Analyzing the access log will give you information about who visited
your site, which pages they visited, and how long they stayed on the
site. This is useful information in determining whether or not your site
is working as you intend.
The record below shows the visitor's IP number or hostname, date and
time of the request, the command received from the client, the status
code returned, the size of the document transferred, and the browser and
operating system the visitor was using.
nas-112-52.slc.navinet.net - - [29/Jan/2000:17:17:12 -0500] "GET
page.html HTTP/1.1" 200 23443
"http://www.mydomain.com/page.html" "Mozilla/4.0 (compatible;
MSIE 5.01; Windows 98)"
The referrer log contains referral information - the source that
referred the visitor to your site. If the referrer was a search
engine, you will also find the keywords that were entered to find your
site - very useful information. Here are some example records. The
record below shows that the visitor followed a link from somedomain.com
to the index page of the site.
http://www.somedomain.com/page.htm
This record shows that the visitor came to my site from a search engine
link.
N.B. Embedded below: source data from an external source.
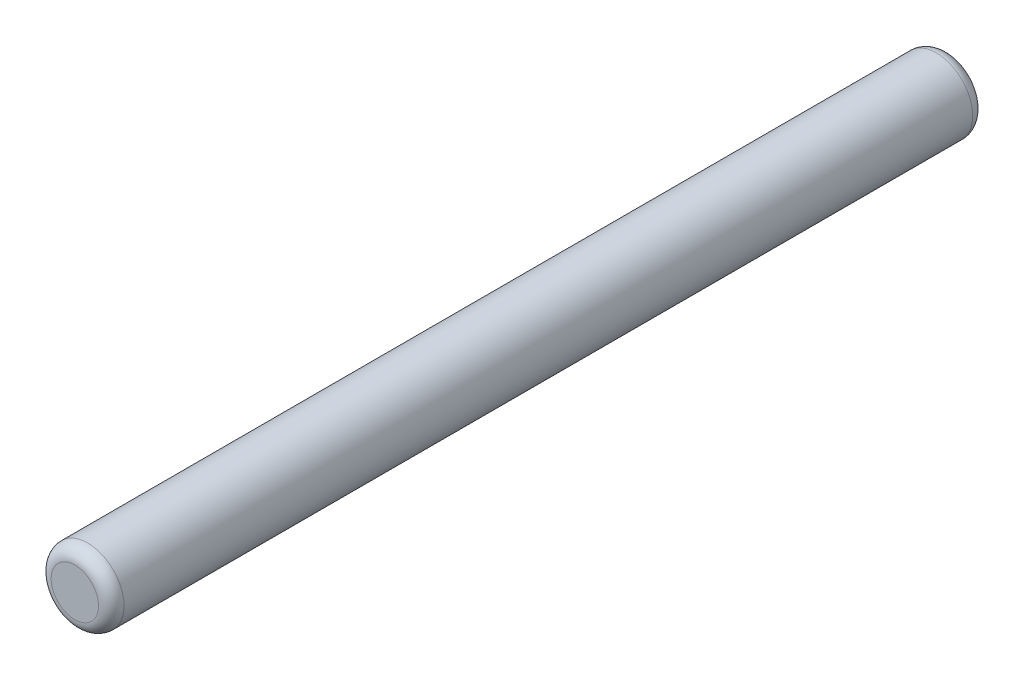
ISO-10303-21;
HEADER;
FILE_DESCRIPTION(('STEP AP214'),'2;1');
FILE_NAME('part.step','',(''),(''),'','','');
FILE_SCHEMA(('AUTOMOTIVE_DESIGN { 1 0 10303 214 1 1 1 1 }'));
ENDSEC;
DATA;
#1=APPLICATION_CONTEXT('core data for automotive mechanical design processes');
#2=APPLICATION_PROTOCOL_DEFINITION('international standard','automotive_design',2000,#1);
#3=PRODUCT_CONTEXT('',#1,'mechanical');
#4=PRODUCT('Part','Part','',(#3));
#5=PRODUCT_RELATED_PRODUCT_CATEGORY('part','',(#4));
#6=PRODUCT_DEFINITION_FORMATION('','',#4);
#7=PRODUCT_DEFINITION_CONTEXT('part definition',#1,'design');
#8=PRODUCT_DEFINITION('design','',#6,#7);
#9=PRODUCT_DEFINITION_SHAPE('','',#8);
#10=(LENGTH_UNIT() NAMED_UNIT(*) SI_UNIT(.MILLI.,.METRE.));
#11=(NAMED_UNIT(*) PLANE_ANGLE_UNIT() SI_UNIT($,.RADIAN.));
#12=(NAMED_UNIT(*) SI_UNIT($,.STERADIAN.) SOLID_ANGLE_UNIT());
#13=UNCERTAINTY_MEASURE_WITH_UNIT(LENGTH_MEASURE(1.E-05),#10,'distance_accuracy_value','');
#14=(GEOMETRIC_REPRESENTATION_CONTEXT(3) GLOBAL_UNCERTAINTY_ASSIGNED_CONTEXT((#13)) GLOBAL_UNIT_ASSIGNED_CONTEXT((#10,
#11,#12)) REPRESENTATION_CONTEXT('',''));
#15=CARTESIAN_POINT('',(0.,0.,0.));
#16=DIRECTION('',(0.,0.,1.));
#17=DIRECTION('',(1.,0.,0.));
#18=AXIS2_PLACEMENT_3D('',#15,#16,#17);
#19=CARTESIAN_POINT('',(0.,0.,12.));
#20=DIRECTION('',(0.,0.,-1.));
#21=DIRECTION('',(-1.,0.,0.));
#22=AXIS2_PLACEMENT_3D('',#19,#20,#21);
#23=CYLINDRICAL_SURFACE('',#22,1.);
#24=CARTESIAN_POINT('',(0.,0.,-11.65));
#25=DIRECTION('',(0.,0.,1.));
#26=DIRECTION('',(1.,0.,0.));
#27=AXIS2_PLACEMENT_3D('',#24,#25,#26);
#28=CIRCLE('',#27,1.);
#29=CARTESIAN_POINT('',(1.,0.,-11.65));
#30=VERTEX_POINT('',#29);
#31=EDGE_CURVE('E41',#30,#30,#28,.T.);
#32=ORIENTED_EDGE('',*,*,#31,.T.);
#33=EDGE_LOOP('',(#32));
#34=FACE_BOUND('',#33,.T.);
#35=CARTESIAN_POINT('',(0.,0.,11.65));
#36=DIRECTION('',(0.,0.,1.));
#37=DIRECTION('',(1.,0.,0.));
#38=AXIS2_PLACEMENT_3D('',#35,#36,#37);
#39=CIRCLE('',#38,1.);
#40=CARTESIAN_POINT('',(1.,0.,11.65));
#41=VERTEX_POINT('',#40);
#42=EDGE_CURVE('E45',#41,#41,#39,.F.);
#43=ORIENTED_EDGE('',*,*,#42,.T.);
#44=EDGE_LOOP('',(#43));
#45=FACE_BOUND('',#44,.T.);
#46=ADVANCED_FACE('F30',(#34,#45),#23,.T.);
#47=CARTESIAN_POINT('',(0.,0.,12.));
#48=DIRECTION('',(0.,0.,1.));
#49=DIRECTION('',(1.,0.,0.));
#50=AXIS2_PLACEMENT_3D('',#47,#48,#49);
#51=PLANE('',#50);
#52=CARTESIAN_POINT('',(0.,0.,12.));
#53=DIRECTION('',(0.,0.,1.));
#54=DIRECTION('',(1.,0.,0.));
#55=AXIS2_PLACEMENT_3D('',#52,#53,#54);
#56=CIRCLE('',#55,0.65);
#57=CARTESIAN_POINT('',(0.65,0.,12.));
#58=VERTEX_POINT('',#57);
#59=EDGE_CURVE('E10',#58,#58,#56,.T.);
#60=ORIENTED_EDGE('',*,*,#59,.T.);
#61=EDGE_LOOP('',(#60));
#62=FACE_BOUND('',#61,.T.);
#63=ADVANCED_FACE('F61',(#62),#51,.T.);
#64=CARTESIAN_POINT('',(0.,0.,-12.));
#65=DIRECTION('',(0.,0.,1.));
#66=DIRECTION('',(1.,0.,0.));
#67=AXIS2_PLACEMENT_3D('',#64,#65,#66);
#68=PLANE('',#67);
#69=CARTESIAN_POINT('',(0.,0.,-12.));
#70=DIRECTION('',(0.,0.,1.));
#71=DIRECTION('',(1.,0.,0.));
#72=AXIS2_PLACEMENT_3D('',#69,#70,#71);
#73=CIRCLE('',#72,0.65);
#74=CARTESIAN_POINT('',(0.65,0.,-12.));
#75=VERTEX_POINT('',#74);
#76=EDGE_CURVE('E37',#75,#75,#73,.F.);
#77=ORIENTED_EDGE('',*,*,#76,.T.);
#78=EDGE_LOOP('',(#77));
#79=FACE_BOUND('',#78,.T.);
#80=ADVANCED_FACE('F58',(#79),#68,.F.);
#81=CARTESIAN_POINT('',(0.,0.,-11.65));
#82=DIRECTION('',(0.,0.,1.));
#83=DIRECTION('',(1.,0.,0.));
#84=AXIS2_PLACEMENT_3D('',#81,#82,#83);
#85=TOROIDAL_SURFACE('',#84,0.65,0.35);
#86=ORIENTED_EDGE('',*,*,#76,.F.);
#87=EDGE_LOOP('',(#86));
#88=FACE_BOUND('',#87,.T.);
#89=ORIENTED_EDGE('',*,*,#31,.F.);
#90=EDGE_LOOP('',(#89));
#91=FACE_BOUND('',#90,.T.);
#92=ADVANCED_FACE('F54',(#88,#91),#85,.T.);
#93=CARTESIAN_POINT('',(0.,0.,11.65));
#94=DIRECTION('',(0.,0.,1.));
#95=DIRECTION('',(1.,0.,0.));
#96=AXIS2_PLACEMENT_3D('',#93,#94,#95);
#97=TOROIDAL_SURFACE('',#96,0.65,0.35);
#98=ORIENTED_EDGE('',*,*,#42,.F.);
#99=EDGE_LOOP('',(#98));
#100=FACE_BOUND('',#99,.T.);
#101=ORIENTED_EDGE('',*,*,#59,.F.);
#102=EDGE_LOOP('',(#101));
#103=FACE_BOUND('',#102,.T.);
#104=ADVANCED_FACE('F32',(#100,#103),#97,.T.);
#105=CLOSED_SHELL('',(#46,#63,#80,#92,#104));
#106=MANIFOLD_SOLID_BREP('B2',#105);
#107=ADVANCED_BREP_SHAPE_REPRESENTATION('',(#18,#106),#14);
#108=SHAPE_DEFINITION_REPRESENTATION(#9,#107);
ENDSEC;
END-ISO-10303-21;

Notice the keyword data is included in the record.
http://search.yahoo.com/bin/search?p=design+tips
The Agent log provides information on which browser and operating system
was used to access your site. Such as:
Mozilla/4.0 (compatible;MSIE 5.01; Windows 98)
The error log obviously provides a record of errors generated by the
server and sent back to the client. The record below shows the type of
server, date and time of the error, client identification, explanation
of the error code generated by the server, and the path to the file that
caused the error.
apache: [Sun Jan 30 10:09:57 2000][error] [client 195.238.2.162]
File does not exist:/u/web/mydomain/favicon.ico
As you can see, log files contain a wealth of information about how your
visitors are using your site.
Web traffic statistics provide very valuable information about your web
site. You can make better marketing decisions through them telling you:
Which Web pages are most popular and which are least used.
Who is visiting your Web site.
Which Web browsers to optimize your Web pages for.
Which Web search engines are most useful to you, and which are the least
useful.
Where errors or bad links may be occurring in your Web pages.